Note: OSS Spark test didn't produce the query result for q95-v2.4 as it did not complete for us. So we reran the benchmark for the single q95-v2.4 query and merged the result back to the first test result set. We did not run into this issue when testing it on EMR.

10. Summarize the results

Download the test result file from the output S3 bucket s3://$YOUR_S3_BUCKET/EC2_TPCDS-TEST-3T-RESULT/timestamp=xxxx/summary.csv/xxx.csv. You could use the S3 console and navigate to the output S3 location or use the CLI. Here is an example. If you have not exported YOUR_S3_BUCKET, remember to provide your S3 bucket name prior to running the commands below.

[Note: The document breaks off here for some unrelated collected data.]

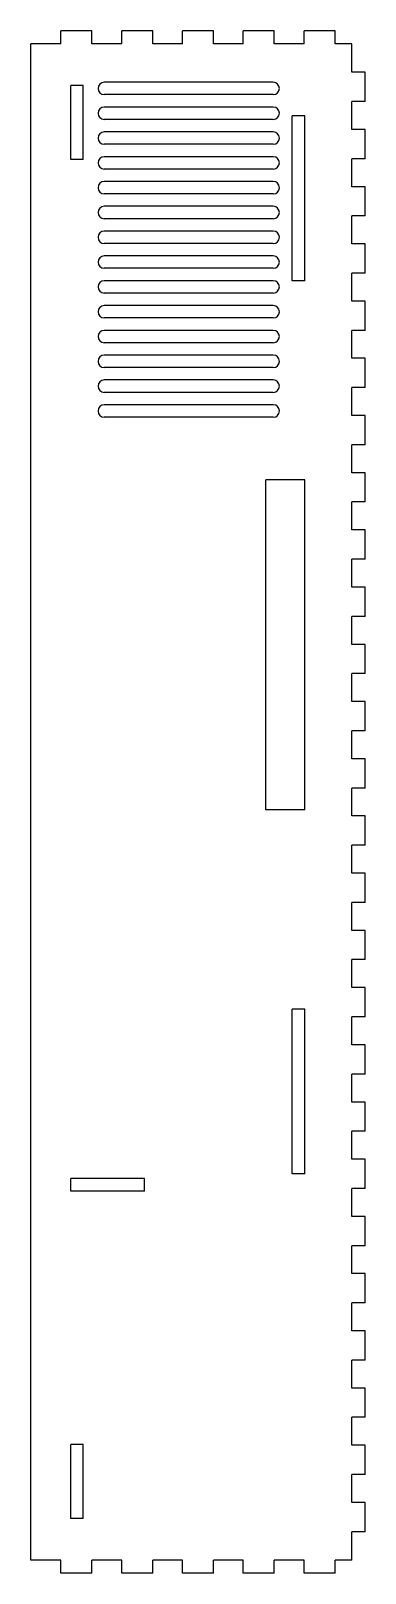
# Model space of a CAD drawing. Extents: x 0 to 81, y 0 to 373.
import ezdxf

# ---------------------------------------------------------------- set-up
doc = ezdxf.new("R2010")
doc.units = 0
doc.layers.add('CUT', color=1, linetype='CONTINUOUS')

msp = doc.modelspace()

# ---------------------------------------------------------------- linework, layer by layer
at = {"layer": 'CUT'}
for p, q in [((7.2632, 369.82), (7.2632, 373)), ((14.7514, 373), (7.2632, 373)), ((14.7514, 369.82), (14.7514, 373)), ((21.9395, 369.82), (21.9395, 373)), ((29.4277, 373), (21.9395, 373)), ((29.4277, 369.82), (29.4277, 373)), ((36.6159, 369.82), (36.6159, 373)), ((44.1041, 373), (36.6159, 373)), ((44.1041, 369.82), (44.1041, 373)), ((51.2923, 369.82), (51.2923, 373)), ((58.7805, 373), (51.2923, 373)), ((58.7805, 369.82), (58.7805, 373)), ((65.9686, 369.82), (65.9686, 373)), ((73.4568, 373), (65.9686, 373)), ((73.4568, 369.82), (73.4568, 373)), ((7.2632, 369.82), (0, 369.82)), ((0, 3.18), (0, 369.82)), ((21.9395, 369.82), (14.7514, 369.82)), ((36.6159, 369.82), (29.4277, 369.82)), ((51.2923, 369.82), (44.1041, 369.82)), ((65.9686, 369.82), (58.7805, 369.82)), ((77.54, 369.82), (73.4568, 369.82)), ((77.54, 362.9773), (77.54, 369.82)), ((80.72, 362.9773), (77.54, 362.9773)), ((80.72, 355.9095), (80.72, 362.9773)), ((9.615, 341.895), (9.615, 359.745)), ((12.645, 359.745), (9.615, 359.745)), ((12.645, 341.895), (12.645, 359.745)), ((58.54, 360.57), (17.72, 360.57)), ((58.54, 357.57), (17.72, 357.57)), ((58.54, 354.57), (17.72, 354.57)), ((77.54, 349.1418), (77.54, 355.9095)), ((80.72, 355.9095), (77.54, 355.9095)), ((58.54, 351.57), (17.72, 351.57)), ((63.115, 312.575), (63.115, 352.425)), ((66.145, 352.425), (63.115, 352.425)), ((66.145, 312.575), (66.145, 352.425)), ((58.54, 348.57), (17.72, 348.57)), ((80.72, 349.1418), (77.54, 349.1418)), ((80.72, 342.0741), (80.72, 349.1418)), ((58.54, 345.57), (17.72, 345.57)), ((12.645, 341.895), (9.615, 341.895)), ((58.54, 342.57), (17.72, 342.57)), ((58.54, 339.57), (17.72, 339.57)), ((77.54, 335.3063), (77.54, 342.0741)), ((80.72, 342.0741), (77.54, 342.0741)), ((58.54, 336.57), (17.72, 336.57)), ((58.54, 333.57), (17.72, 333.57)), ((80.72, 335.3063), (77.54, 335.3063)), ((80.72, 328.2386), (80.72, 335.3063)), ((58.54, 330.57), (17.72, 330.57)), ((58.54, 327.57), (17.72, 327.57)), ((58.54, 324.57), (17.72, 324.57)), ((77.54, 321.4708), (77.54, 328.2386)), ((80.72, 328.2386), (77.54, 328.2386)), ((58.54, 321.57), (17.72, 321.57)), ((80.72, 321.4708), (77.54, 321.4708)), ((80.72, 314.4031), (80.72, 321.4708)), ((58.54, 318.57), (17.72, 318.57)), ((58.54, 315.57), (17.72, 315.57)), ((77.54, 307.6354), (77.54, 314.4031)), ((80.72, 314.4031), (77.54, 314.4031)), ((58.54, 312.57), (17.72, 312.57)), ((66.145, 312.575), (63.115, 312.575)), ((58.54, 309.57), (17.72, 309.57)), ((58.54, 306.57), (17.72, 306.57)), ((80.72, 307.6354), (77.54, 307.6354)), ((80.72, 300.5676), (80.72, 307.6354)), ((58.54, 303.57), (17.72, 303.57)), ((58.54, 300.57), (17.72, 300.57)), ((77.54, 293.7999), (77.54, 300.5676)), ((80.72, 300.5676), (77.54, 300.5676)), ((58.54, 297.57), (17.72, 297.57)), ((58.54, 294.57), (17.72, 294.57)), ((58.54, 291.57), (17.72, 291.57)), ((80.72, 293.7999), (77.54, 293.7999)), ((80.72, 286.7322), (80.72, 293.7999)), ((58.54, 288.57), (17.72, 288.57)), ((58.54, 285.57), (17.72, 285.57)), ((77.54, 279.9644), (77.54, 286.7322)), ((80.72, 286.7322), (77.54, 286.7322)), ((58.54, 282.57), (17.72, 282.57)), ((80.72, 279.9644), (77.54, 279.9644)), ((80.72, 272.8967), (80.72, 279.9644)), ((58.54, 279.57), (17.72, 279.57)), ((77.54, 266.129), (77.54, 272.8967)), ((80.72, 272.8967), (77.54, 272.8967)), ((80.72, 266.129), (77.54, 266.129)), ((80.72, 259.0612), (80.72, 266.129)), ((56.755, 184.575), (56.755, 264.425)), ((66.145, 264.425), (56.755, 264.425)), ((66.145, 184.575), (66.145, 264.425)), ((77.54, 252.2935), (77.54, 259.0612)), ((80.72, 259.0612), (77.54, 259.0612)), ((80.72, 252.2935), (77.54, 252.2935)), ((80.72, 245.2258), (80.72, 252.2935)), ((77.54, 238.458), (77.54, 245.2258)), ((80.72, 245.2258), (77.54, 245.2258)), ((80.72, 238.458), (77.54, 238.458)), ((80.72, 231.3903), (80.72, 238.458)), ((77.54, 224.6225), (77.54, 231.3903)), ((80.72, 231.3903), (77.54, 231.3903)), ((80.72, 224.6225), (77.54, 224.6225)), ((80.72, 217.5548), (80.72, 224.6225)), ((77.54, 210.7871), (77.54, 217.5548)), ((80.72, 217.5548), (77.54, 217.5548)), ((80.72, 210.7871), (77.54, 210.7871)), ((80.72, 203.7193), (80.72, 210.7871)), ((77.54, 196.9516), (77.54, 203.7193)), ((80.72, 203.7193), (77.54, 203.7193)), ((80.72, 196.9516), (77.54, 196.9516)), ((80.72, 189.8839), (80.72, 196.9516)), ((77.54, 183.1161), (77.54, 189.8839)), ((80.72, 189.8839), (77.54, 189.8839)), ((66.145, 184.575), (56.755, 184.575)), ((80.72, 183.1161), (77.54, 183.1161)), ((80.72, 176.0484), (80.72, 183.1161)), ((77.54, 169.2807), (77.54, 176.0484)), ((80.72, 176.0484), (77.54, 176.0484)), ((80.72, 169.2807), (77.54, 169.2807)), ((80.72, 162.2129), (80.72, 169.2807)), ((77.54, 155.4452), (77.54, 162.2129)), ((80.72, 162.2129), (77.54, 162.2129)), ((80.72, 155.4452), (77.54, 155.4452)), ((80.72, 148.3775), (80.72, 155.4452)), ((77.54, 141.6097), (77.54, 148.3775)), ((80.72, 148.3775), (77.54, 148.3775)), ((80.72, 141.6097), (77.54, 141.6097)), ((80.72, 134.542), (80.72, 141.6097)), ((63.115, 96.575), (63.115, 136.425)), ((66.145, 136.425), (63.115, 136.425)), ((66.145, 96.575), (66.145, 136.425)), ((77.54, 127.7742), (77.54, 134.542)), ((80.72, 134.542), (77.54, 134.542)), ((80.72, 127.7742), (77.54, 127.7742)), ((80.72, 120.7065), (80.72, 127.7742)), ((77.54, 113.9388), (77.54, 120.7065)), ((80.72, 120.7065), (77.54, 120.7065)), ((80.72, 113.9388), (77.54, 113.9388)), ((80.72, 106.871), (80.72, 113.9388)), ((77.54, 100.1033), (77.54, 106.871)), ((80.72, 106.871), (77.54, 106.871)), ((80.72, 100.1033), (77.54, 100.1033)), ((80.72, 93.0356), (80.72, 100.1033)), ((9.615, 92.395), (9.615, 95.425)), ((27.465, 95.425), (9.615, 95.425)), ((27.465, 92.395), (27.465, 95.425)), ((66.145, 96.575), (63.115, 96.575)), ((27.465, 92.395), (9.615, 92.395)), ((77.54, 86.2678), (77.54, 93.0356)), ((80.72, 93.0356), (77.54, 93.0356)), ((80.72, 86.2678), (77.54, 86.2678)), ((80.72, 79.2001), (80.72, 86.2678)), ((77.54, 72.4324), (77.54, 79.2001)), ((80.72, 79.2001), (77.54, 79.2001)), ((80.72, 72.4324), (77.54, 72.4324)), ((80.72, 65.3646), (80.72, 72.4324)), ((77.54, 58.5969), (77.54, 65.3646)), ((80.72, 65.3646), (77.54, 65.3646)), ((80.72, 58.5969), (77.54, 58.5969)), ((80.72, 51.5292), (80.72, 58.5969)), ((77.54, 44.7614), (77.54, 51.5292)), ((80.72, 51.5292), (77.54, 51.5292)), ((80.72, 44.7614), (77.54, 44.7614)), ((80.72, 37.6937), (80.72, 44.7614)), ((77.54, 30.9259), (77.54, 37.6937)), ((80.72, 37.6937), (77.54, 37.6937)), ((9.615, 13.255), (9.615, 31.105)), ((12.645, 31.105), (9.615, 31.105)), ((12.645, 13.255), (12.645, 31.105)), ((80.72, 30.9259), (77.54, 30.9259)), ((80.72, 23.8582), (80.72, 30.9259)), ((77.54, 17.0905), (77.54, 23.8582)), ((80.72, 23.8582), (77.54, 23.8582)), ((80.72, 17.0905), (77.54, 17.0905)), ((80.72, 10.0227), (80.72, 17.0905)), ((12.645, 13.255), (9.615, 13.255)), ((77.54, 3.18), (77.54, 10.0227)), ((80.72, 10.0227), (77.54, 10.0227)), ((7.2632, 3.18), (0, 3.18)), ((7.2632, 0), (7.2632, 3.18)), ((14.7514, 0), (7.2632, 0)), ((14.7514, 0), (14.7514, 3.18)), ((21.9395, 3.18), (14.7514, 3.18)), ((21.9395, 0), (21.9395, 3.18)), ((29.4277, 0), (21.9395, 0)), ((29.4277, 0), (29.4277, 3.18)), ((36.6159, 3.18), (29.4277, 3.18)), ((36.6159, 0), (36.6159, 3.18)), ((44.1041, 0), (36.6159, 0)), ((44.1041, 0), (44.1041, 3.18)), ((51.2923, 3.18), (44.1041, 3.18)), ((51.2923, 0), (51.2923, 3.18)), ((58.7805, 0), (51.2923, 0)), ((58.7805, 0), (58.7805, 3.18)), ((65.9686, 3.18), (58.7805, 3.18)), ((65.9686, 0), (65.9686, 3.18)), ((73.4568, 0), (65.9686, 0)), ((73.4568, 0), (73.4568, 3.18)), ((77.54, 3.18), (73.4568, 3.18))]:
    msp.add_line(p, q, dxfattribs=at)
for centre, start, end in [((17.72, 359.07), 90, 270), ((58.54, 359.07), 270, 90), ((17.72, 353.07), 90, 270), ((58.54, 353.07), 270, 90), ((17.72, 347.07), 90, 270), ((58.54, 347.07), 270, 90), ((17.72, 341.07), 90, 270), ((58.54, 341.07), 270, 90), ((17.72, 335.07), 90, 270), ((58.54, 335.07), 270, 90), ((17.72, 329.07), 90, 270), ((58.54, 329.07), 270, 90), ((17.72, 323.07), 90, 270), ((58.54, 323.07), 270, 90), ((17.72, 317.07), 90, 270), ((58.54, 317.07), 270, 90), ((17.72, 311.07), 90, 270), ((58.54, 311.07), 270, 90), ((17.72, 305.07), 90, 270), ((58.54, 305.07), 270, 90), ((17.72, 299.07), 90, 270), ((58.54, 299.07), 270, 90), ((17.72, 293.07), 90, 270), ((58.54, 293.07), 270, 90), ((17.72, 287.07), 90, 270), ((58.54, 287.07), 270, 90), ((17.72, 281.07), 90, 270), ((58.54, 281.07), 270, 90)]:
    msp.add_arc(centre, 1.5, start, end, dxfattribs=at)

doc.saveas('drawing.dxf')

aws s3 ls s3://$YOUR_S3_BUCKET/blog/EC2_TPCDS-TEST-3T-RESULT/timestamp=xxxx/summary.csv/

2022-08-16 01:37:22          0 _SUCCESS
2022-08-16 01:37:22       5306 part-00000-10949163-064e-4439-8ea1-80437d629086-c000.csv
aws s3 cp s3://$YOUR_S3_BUCKET/blog/EC2_TPCDS-TEST-3T-RESULT/timestamp=xxxx/summary.csv/part-00000-10949163-064e-4439-8ea1-80437d629086-c000.csv .

download: s3://$YOUR_S3_BUCKET/blog/EC2_TPCDS-TEST-3T-RESULT/timestamp=xxxx/summary.csv/part-00000-10949163-064e-4439-8ea1-80437d629086-c000.csv to ./part-00000-10949163-064e-4439-8ea1-80437d629086-c000.csv
cat part-00000-10949163-064e-4439-8ea1-80437d629086-c000.csv


The spark benchmark application creates a timestamp folder and writes a summary file inside a summary.csv prefix in S3. Your timestamp and filename will be different from the one shown above.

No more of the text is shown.